Cuando se apaga la luz

La última vela de San Velorio

La neblina descendía espesa sobre el valle cuando las campanas de la capilla comenzaron a sonar. Eran tañidos graves, apagados, que parecían venir desde el fondo de la tierra más que del campanario. Los aldeanos, envueltos en capas y miedo, se reunían en la plaza, guiados por el resplandor tembloroso de cientos de velas. Ninguna antorcha, ningún farol: solo velas, como si el fuego mismo temiera arder demasiado alto.

San Velorio, el pequeño pueblo encajonado entre montes y ciénagas, olía esa noche a cera derretida, a madera húmeda y a pecado.
En el centro, sobre un madero ennegrecido, aguardaba la acusada.

¡Bruja! —gritó alguien desde el gentío.
¡Endemoniada! —añadió otro.
Los ecos se multiplicaron como moscas sobre la carne abierta.

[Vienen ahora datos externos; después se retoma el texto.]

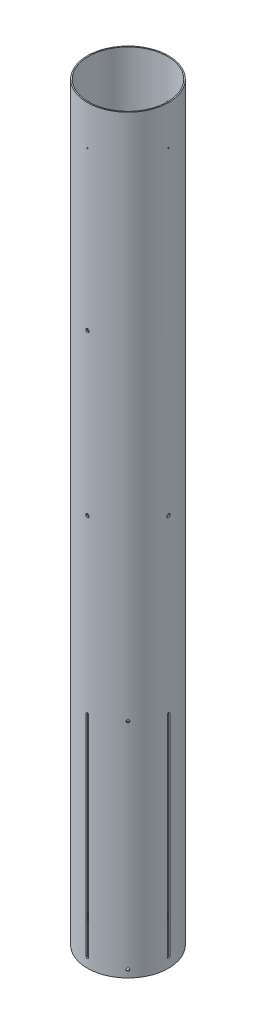
SolidWorks part; units mm, degrees
material "C-Glass Fiber"
ref_plane "Front Plane" through (0, 0, 0) normal (0, 0, 1) x (1, 0, 0)
ref_plane "Top Plane" through (0, 0, 0) normal (0, 1, 0) x (1, 0, 0)
ref_plane "Right Plane" through (0, 0, 0) normal (1, 0, 0) x (0, 0, -1)
sketch "Sustainer Tube Profile" plane through (0, 0, 0) normal (0, 1, 0) x (1, 0, 0)
  circle A0 centre (0, 0) radius 76.2
  circle A1 centre (0, 0) radius 78.359
  dimension "D2" = 156.718
extrude "Sustainer Tube Body" add sketch "Sustainer Tube Profile" along normal blind 1447.8
ref_plane "Plane1" through (0, 0, 78.359) normal (0, 0, 1) x (1, 0, 0)
sketch "Fin Slot Profile" plane through (0, 0, 78.359) normal (0, 0, 1) x (1, 0, 0)
  line L0 (0, 0) -> (0, 1447.8) construction
  line L5 (76.2, 1447.8) -> (-76.2, 1447.8) construction
  line L6 (-78.359, 0) -> (78.359, 0) construction
  line L7 (2.3813, 19.05) -> (-2.3813, 19.05)
  line L8 (0, 19.05) -> (0, 425.45)
  line L9 (2.3813, 425.45) -> (-2.3813, 425.45)
  line L10 (-2.3813, 19.05) -> (-2.3813, 425.45)
  line L11 (2.3813, 19.05) -> (2.3813, 425.45)
  arc A0 (-2.3813, 19.05) -> (2.3812, 19.05) centre (0, 19.05) ccw
  arc A1 (2.3813, 425.45) -> (-2.3812, 425.45) centre (0, 425.45) ccw
  dimension "D1" = 406.4
  dimension "D2" = 19.05
  dimension "D3" = 2.3813
extrude "Fin Slot Cut" cut sketch "Fin Slot Profile" against normal up to surface (2.1962 mm away) contours L7 L11 L9 L8 | L10 L7 L8 L9 | L0 L9 A1 | L9 L0 A1 | A0 L0 L7 | L0 A0 L7 region at (-1.1906, 222.25, 78.359) region at (1.0106, 18.0394, 78.359) region at (1.1906, 222.25, 78.359) region at (-1.0106, 18.0394, 78.359) region at (-1.0106, 426.4606, 78.359) region at (1.0106, 426.4606, 78.359) up to face at (0, 1447.8, 76.2)
pattern_circular "Fin Slot Pattern" count 4 over 360 about axis through (0, 1447.8, 0) along (0, 1, 0) of "Fin Slot Cut"
sketch "Sketch1" plane through (0, 0, 0) normal (0, 0, 1) x (1, 0, 0)
  line L0 (76.2, 1447.8) -> (-76.2, 1447.8) construction
  circle A0 centre (0, 1371.6) radius 1.143
  dimension "D1" = 2.286
  dimension "D2" = 76.2
extrude "Cut-Extrude1" cut sketch "Sketch1" against normal through all both and the other way through all
pattern_circular "CirPattern1" count 4 over 360 about axis through (0, 1447.8, 0) along (0, 1, 0) of "Cut-Extrude1"
sketch "Sketch2" plane through (0, 0, 0) normal (0, 0, 1) x (1, 0, 0)
  line L0 (76.2, 1447.8) -> (-76.2, 1447.8) construction
  circle A0 centre (0, 1066.8) radius 3.175
  dimension "D1" = 6.35
  dimension "D2" = 381
extrude "Cut-Extrude2" cut sketch "Sketch2" against normal through all both and the other way through all
sketch "Sketch3" plane through (0, 0, 0) normal (0, 0, 1) x (1, 0, 0)
  line L0 (78.359, 1447.8) -> (-78.359, 1447.8) construction
  circle A0 centre (0, 756.9962) radius 3.175
  dimension "D2" = 6.35
  dimension "D1" = 690.8038
extrude "Cut-Extrude3" cut sketch "Sketch3" against normal through all both and the other way through all
pattern_circular "CirPattern2" count 4 over 360 about axis through (0, 1447.8, 0) along (0, 1, 0) of "Cut-Extrude3"
ref_plane "Plane2" through (55.4082, 0, 55.4082) normal (0.7071, 0, 0.7071) x (0, -1, 0)
sketch "Sketch4" plane through (55.4082, 0, 55.4082) normal (0.7071, 0, 0.7071) x (0, -1, 0)
  circle A0 centre (-14.0462, 0) radius 2.5794
  circle A1 centre (-429.4429, 0) radius 2.5794
  dimension "D2" = 14.0462
  dimension "D3" = 429.4429
extrude "Cut-Extrude4" cut sketch "Sketch4" against normal up to surface and the other way through all up to face at (-76.1373, 756.269, 3.0906)
ref_plane "Plane3" through (0, 0, 0) normal (0.7071, 0, 0.7071) x (0, -1, 0)
sketch "Sketch7" plane through (0, 0, 0) normal (0, -1, 0) x (1, 0, 0)
  line L0 (0, -76.2) -> (0, 76.2) construction
  line L1 (-76.2, 0) -> (76.2, 0) construction
  point P5 (0, 0)
  point P9 (0, 0)
sketch "Sketch8" plane through (0, 0, 0) normal (0, -1, 0) x (1, 0, 0)
  line L0 (0, -76.2) -> (0, 76.2) construction
  line L1 (0, -76.2) -> (0, 76.2) construction
equation "\"Length\"= 57"
equation "\"Outer Diameter\"= 6.17"
equation "\"Inner Diameter\"= 6"
equation "\"Wall Thickness\"= 0.085"
equation "\"D1@Sustainer Tube Profile\" = \"Inner Diameter\""
equation "\"D2@Sustainer Tube Profile\" = \"Outer Diameter\""
equation "\"D1@Sustainer Tube Body\" = \"Length\""
equation "\"Root Chord\"= 16"
equation "\"Fin Offset\"= 3 / 4"
equation "\"D1@Fin Slot Profile\"=\"Root Chord\" "
equation "\"D2@Fin Slot Profile\" = \"Fin Offset\""
equation "\"Fin Thickness\"= ( 3 / 16 ) / 2"
equation "\"D3@Fin Slot Profile\"=\"Fin Thickness\""
equation "\"Shear Pin Dia\"= 3 / 32"
equation "\"Shear Pin Offset\"= 3"
equation "\"Bulkhead Screw Dia\"= 1 / 4"
equation "\"Bulkhead Screw Offset\"= 24.197 + 3"
equation "\"Rail Button Dia\" = 0.2031"
equation "\"Rail Button Aft Offset\"= 0.553"
equation "\"Rail Button Forward Offset\"= 16.9072"
equation "\"Vent Hole Dia\"= 1 / 4"
equation "\"Vent Hole Offset\"= 15"
equation "\"D1@Sketch2\"=\"Vent Hole Dia\""
equation "\"D2@Sketch2\"=\"Vent Hole Offset\""
equation "\"D1@Sketch3\"=\"Bulkhead Screw Offset\""
equation "\"D2@Sketch3\"=\"Bulkhead Screw Dia\""
equation "\"D1@Sketch4\"=\"Rail Button Dia\""
equation "\"D2@Sketch4\"=\"Rail Button Aft Offset\""
equation "\"D3@Sketch4\"=\"Rail Button Forward Offset\""

La mujer, de cabello enmarañado y ojos profundos, mantenía la mirada fija en el sacerdote. Su nombre era Inés del Monte, y todos juraban que su risa hacía temblar las paredes de las casas. Decían que había curado a un niño moribundo con solo soplarle la frente; que hablaba sola frente al río; que, al caer la noche, su sombra caminaba antes que ella.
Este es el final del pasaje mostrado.